Bild: Ein Umweltaktivist steht am Freitag auf einem Seil im Hambacher Forst
Hambacher Forst/Berlin taz | Als um 12.38 Uhr zunächst ein Knacken und
Rauschen ertönt und dann eine Männerstimme zu hören ist, geht es – wieder …
um die nächsten Zentimeter. „Achtung, Achtung, Achtung“, ruft ein Mann
durchs Megafon. Er befindet sich verschanzt in einer Holzhütte oben, in
einer Baumhaussiedlung namens „Oaktown“ im Hambacher Forst in
Nordrhein-Westfalen.

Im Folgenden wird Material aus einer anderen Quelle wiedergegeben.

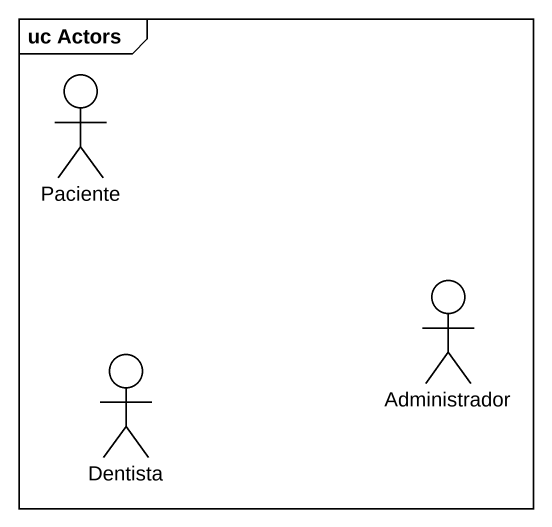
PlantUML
@startuml
mainframe uc Actors
actor Paciente
actor Administrador
actor Dentista
@enduml

Jetzt spricht er eine Warnung aus.
Um ihn herum, aufseiten der Polizei, auf dem Boden: zwei rote
Hebebühnenlaster und ein blauer, Dutzende behelmte Polizisten,
Höheninterventionsteams in Seuchenschutzanzügen, Waldarbeiter mit
Kettensägen.
Zwischen den Baumwipfeln: fünf Baumhäuser, in denen sich Besetzer befinden,
verbunden mit Kletterseilen und Traversen, behängt mit Plastikplanen und
Transparenten – und der Mann mit dem Megafon.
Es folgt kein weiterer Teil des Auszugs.